*** Provided records ***

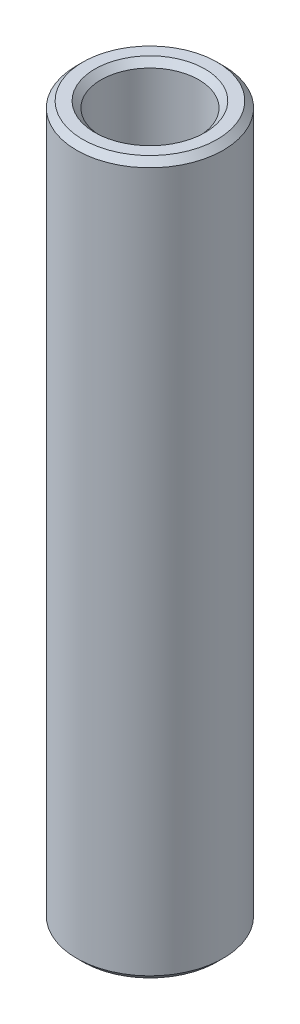
from build123d import *

# Parameters (mm, degrees)
SKETCH2_W     = 1
SKETCH2_H     = 29.1465
CHAMFER2_SIZE = 0.254


with BuildPart() as part:
    # Sketch2 → Revolve1 (revolve)
    with BuildSketch(Plane.XY):
        with Locations((2.5, 0)):
            Rectangle(SKETCH2_W, SKETCH2_H)
    revolve(axis=Axis((0, 9.961653463, 0), (0, -1, 0)))

    # Chamfer2
    chamfer2_edges = [part.edges().sort_by_distance(p)[0] for p in [
        (-3, 14.57325, 0),
        (-3, -14.57325, 0),
        (-2, -14.57325, 0),
        (-2, 14.57325, 0),
    ]]
    chamfer(chamfer2_edges, length=CHAMFER2_SIZE)


solid = part.part
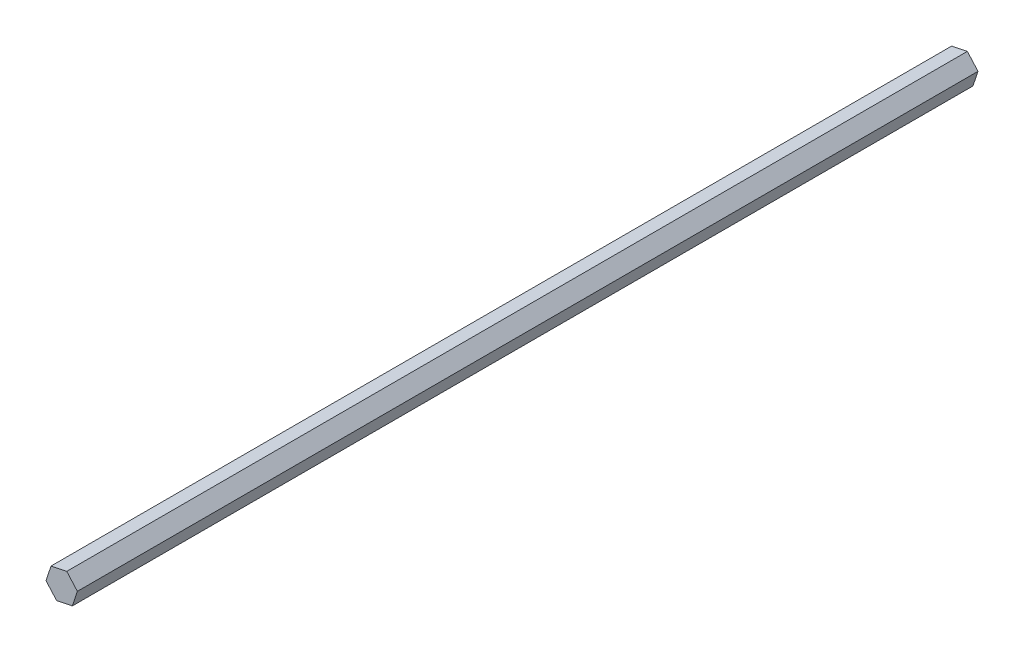
from build123d import *

# Parameters (mm, degrees)
BOSS_EXTRUDE1_DEPTH = 412.242


with BuildPart() as part:
    # Sketch1 → Boss-Extrude1 (new body)
    with BuildSketch(Plane.XY):
        Polygon((4.871347143, -5.480265536), (7.181722745, 1.478577609), (2.310375602, 6.958843145), (-4.871347143, 5.480265536), (-7.181722745, -1.478577609), (-2.310375602, -6.958843145), align=None)
    extrude(amount=BOSS_EXTRUDE1_DEPTH)


solid = part.part

*** End of Provided records ***

* **Problem description**:
Reproduce the lines above exactly, image-free.

* **Answer to the exercise**:
from build123d import *

# Parameters (mm, degrees)
SKETCH2_W     = 1
SKETCH2_H     = 29.1465
CHAMFER2_SIZE = 0.254


with BuildPart() as part:
    # Sketch2 → Revolve1 (revolve)
    with BuildSketch(Plane.XY):
        with Locations((2.5, 0)):
            Rectangle(SKETCH2_W, SKETCH2_H)
    revolve(axis=Axis((0, 9.961653463, 0), (0, -1, 0)))

    # Chamfer2
    chamfer2_edges = [part.edges().sort_by_distance(p)[0] for p in [
        (-3, 14.57325, 0),
        (-3, -14.57325, 0),
        (-2, -14.57325, 0),
        (-2, 14.57325, 0),
    ]]
    chamfer(chamfer2_edges, length=CHAMFER2_SIZE)


solid = part.part
from build123d import *

# Parameters (mm, degrees)
BOSS_EXTRUDE1_DEPTH = 412.242


with BuildPart() as part:
    # Sketch1 → Boss-Extrude1 (new body)
    with BuildSketch(Plane.XY):
        Polygon((4.871347143, -5.480265536), (7.181722745, 1.478577609), (2.310375602, 6.958843145), (-4.871347143, 5.480265536), (-7.181722745, -1.478577609), (-2.310375602, -6.958843145), align=None)
    extrude(amount=BOSS_EXTRUDE1_DEPTH)


solid = part.part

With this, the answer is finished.